> **What is needed**
The word "units" occurs in some lines of the listing. Copy those lines.

> **Material supplied**
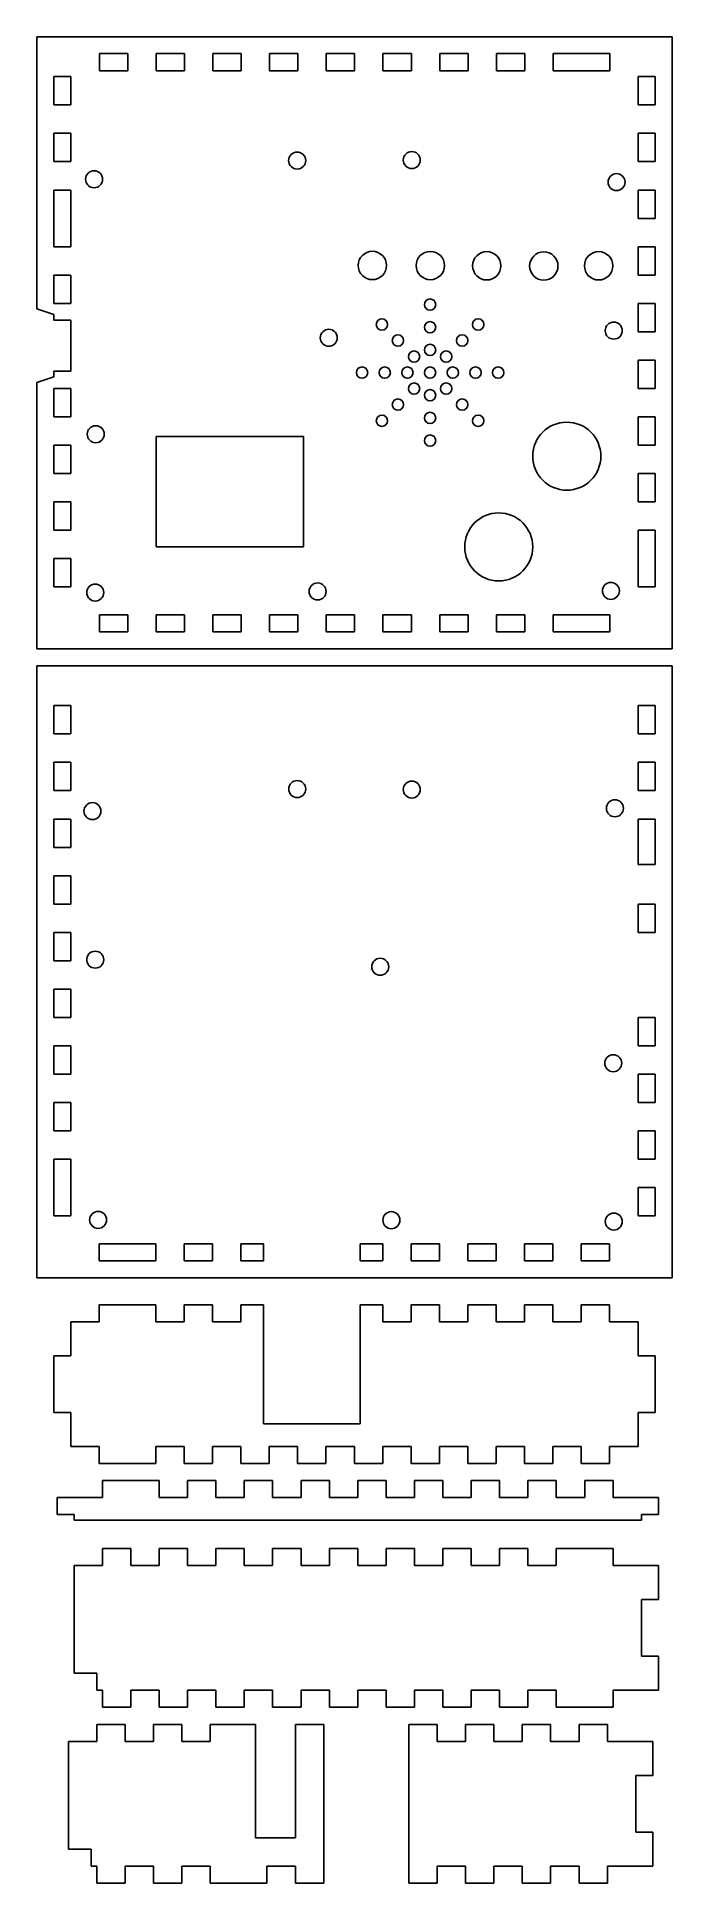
# Model space of a CAD drawing. Header units: millimetres. Extents: x 143 to 255, y 374 to 700.
import ezdxf

# ---------------------------------------------------------------- set-up
doc = ezdxf.new("R2010")
doc.units = ezdxf.units.MM
doc.header["$MEASUREMENT"] = 0

msp = doc.modelspace()

# ---------------------------------------------------------------- linework, layer by layer
at = {"color": 18, "true_color": 0x000000}
for p, q in [((142.55, 699.64), (142.55, 651.69)), ((254.5, 699.64), (142.55, 699.64)), ((254.5, 591.69), (254.5, 699.64)), ((158.55, 696.69), (153.55, 696.69)), ((153.55, 696.69), (153.55, 693.69)), ((153.55, 693.69), (158.55, 693.69)), ((158.55, 696.69), (158.55, 693.69)), ((168.55, 696.69), (163.55, 696.69)), ((163.55, 696.69), (163.55, 693.69)), ((163.55, 693.69), (168.55, 693.69)), ((168.55, 696.69), (168.55, 693.69)), ((178.55, 696.69), (173.55, 696.69)), ((173.55, 696.69), (173.55, 693.69)), ((173.55, 693.69), (178.55, 693.69)), ((178.55, 693.69), (178.55, 696.69)), ((188.55, 696.69), (183.55, 696.69)), ((183.55, 696.69), (183.55, 693.69)), ((183.55, 693.69), (188.55, 693.69)), ((188.55, 696.69), (188.55, 693.69)), ((198.55, 696.69), (193.55, 696.69)), ((193.55, 696.69), (193.55, 693.69)), ((193.55, 693.69), (198.55, 693.69)), ((198.55, 693.69), (198.55, 696.69)), ((208.55, 696.69), (203.55, 696.69)), ((203.55, 696.69), (203.55, 693.69)), ((203.55, 693.69), (208.55, 693.69)), ((208.55, 693.69), (208.55, 696.69)), ((218.55, 696.69), (213.55, 696.69)), ((213.55, 696.69), (213.55, 693.69)), ((213.55, 693.69), (218.55, 693.69)), ((218.55, 693.69), (218.55, 696.69)), ((228.55, 696.69), (223.55, 696.69)), ((223.55, 696.69), (223.55, 693.69)), ((223.55, 693.69), (228.55, 693.69)), ((228.55, 696.69), (228.55, 693.69)), ((243.55, 696.69), (233.55, 696.69)), ((233.55, 696.69), (233.55, 693.69)), ((233.55, 693.69), (243.55, 693.69)), ((243.55, 696.69), (243.55, 693.69)), ((145.55, 692.64), (148.55, 692.64)), ((145.55, 687.64), (145.55, 692.64)), ((148.55, 692.64), (148.55, 687.64)), ((251.5, 692.64), (248.5, 692.64)), ((248.5, 692.64), (248.5, 687.64)), ((251.5, 687.64), (251.5, 692.64)), ((148.55, 687.64), (145.55, 687.64)), ((248.5, 687.64), (251.5, 687.64)), ((145.55, 682.64), (148.55, 682.64)), ((145.55, 677.64), (145.55, 682.64)), ((148.55, 682.64), (148.55, 677.64)), ((251.5, 682.64), (248.5, 682.64)), ((248.5, 682.64), (248.5, 677.64)), ((251.5, 677.64), (251.5, 682.64)), ((145.55, 677.64), (148.55, 677.64)), ((248.5, 677.64), (251.5, 677.64)), ((145.55, 672.64), (145.55, 662.64)), ((145.55, 672.64), (148.55, 672.64)), ((148.55, 662.64), (148.55, 672.64)), ((251.5, 672.64), (248.5, 672.64)), ((248.5, 672.64), (248.5, 667.64)), ((251.5, 667.64), (251.5, 672.64)), ((248.5, 667.64), (251.5, 667.64)), ((145.55, 662.64), (148.55, 662.64)), ((251.5, 662.64), (248.5, 662.64)), ((248.5, 662.64), (248.5, 657.64)), ((251.5, 657.64), (251.5, 662.64)), ((145.55, 657.64), (145.55, 652.64)), ((145.55, 657.64), (148.55, 657.64)), ((148.55, 652.64), (148.55, 657.64)), ((248.5, 657.64), (251.5, 657.64)), ((145.55, 650.69), (142.55, 651.69)), ((145.55, 652.64), (148.55, 652.64)), ((251.5, 652.64), (248.5, 652.64)), ((248.5, 652.64), (248.5, 647.64)), ((251.5, 647.64), (251.5, 652.64)), ((145.55, 650.69), (145.55, 649.69)), ((148.55, 649.69), (145.55, 649.69)), ((148.55, 640.69), (148.55, 649.69)), ((248.5, 647.64), (251.5, 647.64)), ((251.5, 642.64), (248.5, 642.64)), ((248.5, 642.64), (248.5, 637.64)), ((251.5, 637.64), (251.5, 642.64)), ((142.55, 638.69), (145.55, 639.69)), ((142.55, 591.69), (142.55, 638.69)), ((145.55, 640.69), (145.55, 639.69)), ((145.55, 640.69), (148.55, 640.69)), ((145.55, 637.64), (145.55, 632.64)), ((145.55, 637.64), (148.55, 637.64)), ((148.55, 632.64), (148.55, 637.64)), ((248.5, 637.64), (251.5, 637.64)), ((145.55, 632.64), (148.55, 632.64)), ((248.5, 627.64), (248.5, 632.64)), ((248.5, 632.64), (251.5, 632.64)), ((251.5, 632.64), (251.5, 627.64)), ((163.55, 629.19), (189.55, 629.19)), ((163.55, 609.69), (163.55, 629.19)), ((189.55, 629.19), (189.55, 609.69)), ((145.55, 627.64), (145.55, 622.64)), ((145.55, 627.64), (148.55, 627.64)), ((148.55, 622.64), (148.55, 627.64)), ((251.5, 627.64), (248.5, 627.64)), ((145.55, 622.64), (148.55, 622.64)), ((248.5, 622.64), (251.5, 622.64)), ((248.5, 617.64), (248.5, 622.64)), ((251.5, 622.64), (251.5, 617.64)), ((145.55, 617.64), (145.55, 612.64)), ((145.55, 617.64), (148.55, 617.64)), ((148.55, 612.64), (148.55, 617.64)), ((251.5, 617.64), (248.5, 617.64)), ((145.55, 612.64), (148.55, 612.64)), ((248.5, 612.64), (251.5, 612.64)), ((248.5, 612.64), (248.5, 602.64)), ((251.5, 602.64), (251.5, 612.64)), ((189.55, 609.69), (163.55, 609.69)), ((145.55, 607.64), (145.55, 602.64)), ((145.55, 607.64), (148.55, 607.64)), ((148.55, 602.64), (148.55, 607.64)), ((145.55, 602.64), (148.55, 602.64)), ((248.5, 602.64), (251.5, 602.64)), ((158.55, 597.69), (153.55, 597.69)), ((153.55, 597.69), (153.55, 594.69)), ((158.55, 594.69), (158.55, 597.69)), ((168.55, 597.69), (163.55, 597.69)), ((163.55, 597.69), (163.55, 594.69)), ((168.55, 597.69), (168.55, 594.69)), ((178.55, 597.69), (173.55, 597.69)), ((173.55, 597.69), (173.55, 594.69)), ((178.55, 594.69), (178.55, 597.69)), ((188.55, 597.69), (183.55, 597.69)), ((183.55, 597.69), (183.55, 594.69)), ((188.55, 597.69), (188.55, 594.69)), ((198.55, 597.69), (193.55, 597.69)), ((193.55, 597.69), (193.55, 594.69)), ((198.55, 594.69), (198.55, 597.69)), ((208.55, 597.69), (203.55, 597.69)), ((203.55, 597.69), (203.55, 594.69)), ((208.55, 597.69), (208.55, 594.69)), ((218.55, 597.69), (213.55, 597.69)), ((213.55, 597.69), (213.55, 594.69)), ((218.55, 594.69), (218.55, 597.69)), ((228.55, 597.69), (223.55, 597.69)), ((223.55, 597.69), (223.55, 594.69)), ((228.55, 594.69), (228.55, 597.69)), ((243.55, 597.69), (233.55, 597.69)), ((233.55, 597.69), (233.55, 594.69)), ((243.55, 597.69), (243.55, 594.69)), ((153.55, 594.69), (158.55, 594.69)), ((163.55, 594.69), (168.55, 594.69)), ((173.55, 594.69), (178.55, 594.69)), ((183.55, 594.69), (188.55, 594.69)), ((193.55, 594.69), (198.55, 594.69)), ((203.55, 594.69), (208.55, 594.69)), ((213.55, 594.69), (218.55, 594.69)), ((223.55, 594.69), (228.55, 594.69)), ((233.55, 594.69), (243.55, 594.69)), ((142.55, 591.69), (254.5, 591.69)), ((142.55, 588.69), (254.5, 588.69)), ((142.55, 480.74), (142.55, 588.69)), ((254.5, 588.69), (254.5, 480.74)), ((145.55, 576.69), (145.55, 581.69)), ((145.55, 581.69), (148.55, 581.69)), ((148.55, 581.69), (148.55, 576.69)), ((248.5, 581.69), (248.5, 576.69)), ((251.5, 581.69), (248.5, 581.69)), ((251.5, 576.69), (251.5, 581.69)), ((148.55, 576.69), (145.55, 576.69)), ((251.5, 576.69), (248.5, 576.69)), ((145.55, 571.69), (148.55, 571.69)), ((145.55, 566.69), (145.55, 571.69)), ((148.55, 571.69), (148.55, 566.69)), ((251.5, 571.69), (248.5, 571.69)), ((248.5, 571.69), (248.5, 566.69)), ((251.5, 566.69), (251.5, 571.69)), ((148.55, 566.69), (145.55, 566.69)), ((248.5, 566.69), (251.5, 566.69)), ((145.55, 561.69), (148.55, 561.69)), ((145.55, 556.69), (145.55, 561.69)), ((148.55, 561.69), (148.55, 556.69)), ((248.5, 553.69), (248.5, 561.69)), ((251.5, 561.69), (248.5, 561.69)), ((251.5, 561.69), (251.5, 553.69)), ((148.55, 556.69), (145.55, 556.69)), ((251.5, 553.69), (248.5, 553.69)), ((145.55, 551.69), (148.55, 551.69)), ((145.55, 546.69), (145.55, 551.69)), ((148.55, 551.69), (148.55, 546.69)), ((148.55, 546.69), (145.55, 546.69)), ((248.5, 541.69), (248.5, 546.69)), ((251.5, 546.69), (248.5, 546.69)), ((251.5, 546.69), (251.5, 541.69)), ((145.55, 541.69), (148.55, 541.69)), ((145.55, 536.69), (145.55, 541.69)), ((148.55, 541.69), (148.55, 536.69)), ((251.5, 541.69), (248.5, 541.69)), ((148.55, 536.69), (145.55, 536.69)), ((145.55, 526.69), (145.55, 531.69)), ((145.55, 531.69), (148.55, 531.69)), ((148.55, 531.69), (148.55, 526.69)), ((148.55, 526.69), (145.55, 526.69)), ((248.5, 521.69), (248.5, 526.69)), ((251.5, 526.69), (248.5, 526.69)), ((251.5, 526.69), (251.5, 521.69)), ((145.55, 521.69), (145.55, 516.69)), ((148.55, 521.69), (145.55, 521.69)), ((148.55, 516.69), (148.55, 521.69)), ((251.5, 521.69), (248.5, 521.69)), ((145.55, 516.69), (148.55, 516.69)), ((248.5, 511.69), (248.5, 516.69)), ((248.5, 516.69), (251.5, 516.69)), ((251.5, 516.69), (251.5, 511.69)), ((145.55, 511.69), (145.55, 506.69)), ((148.55, 511.69), (145.55, 511.69)), ((148.55, 506.69), (148.55, 511.69)), ((251.5, 511.69), (248.5, 511.69)), ((148.55, 506.69), (145.55, 506.69)), ((248.5, 506.69), (248.5, 501.69)), ((248.5, 506.69), (251.5, 506.69)), ((251.5, 501.69), (251.5, 506.69)), ((148.55, 501.69), (145.55, 501.69)), ((145.55, 491.69), (145.55, 501.69)), ((148.55, 501.69), (148.55, 491.69)), ((248.5, 501.69), (251.5, 501.69)), ((248.5, 491.69), (248.5, 496.69)), ((251.5, 496.69), (248.5, 496.69)), ((251.5, 496.69), (251.5, 491.69)), ((148.55, 491.69), (145.55, 491.69)), ((251.5, 491.69), (248.5, 491.69)), ((153.5, 486.74), (163.5, 486.74)), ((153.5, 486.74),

> **Solution to this problem**
# Model space of a CAD drawing. Header units: millimetres. Extents: x 143 to 255, y 374 to 700.
doc.units = ezdxf.units.MM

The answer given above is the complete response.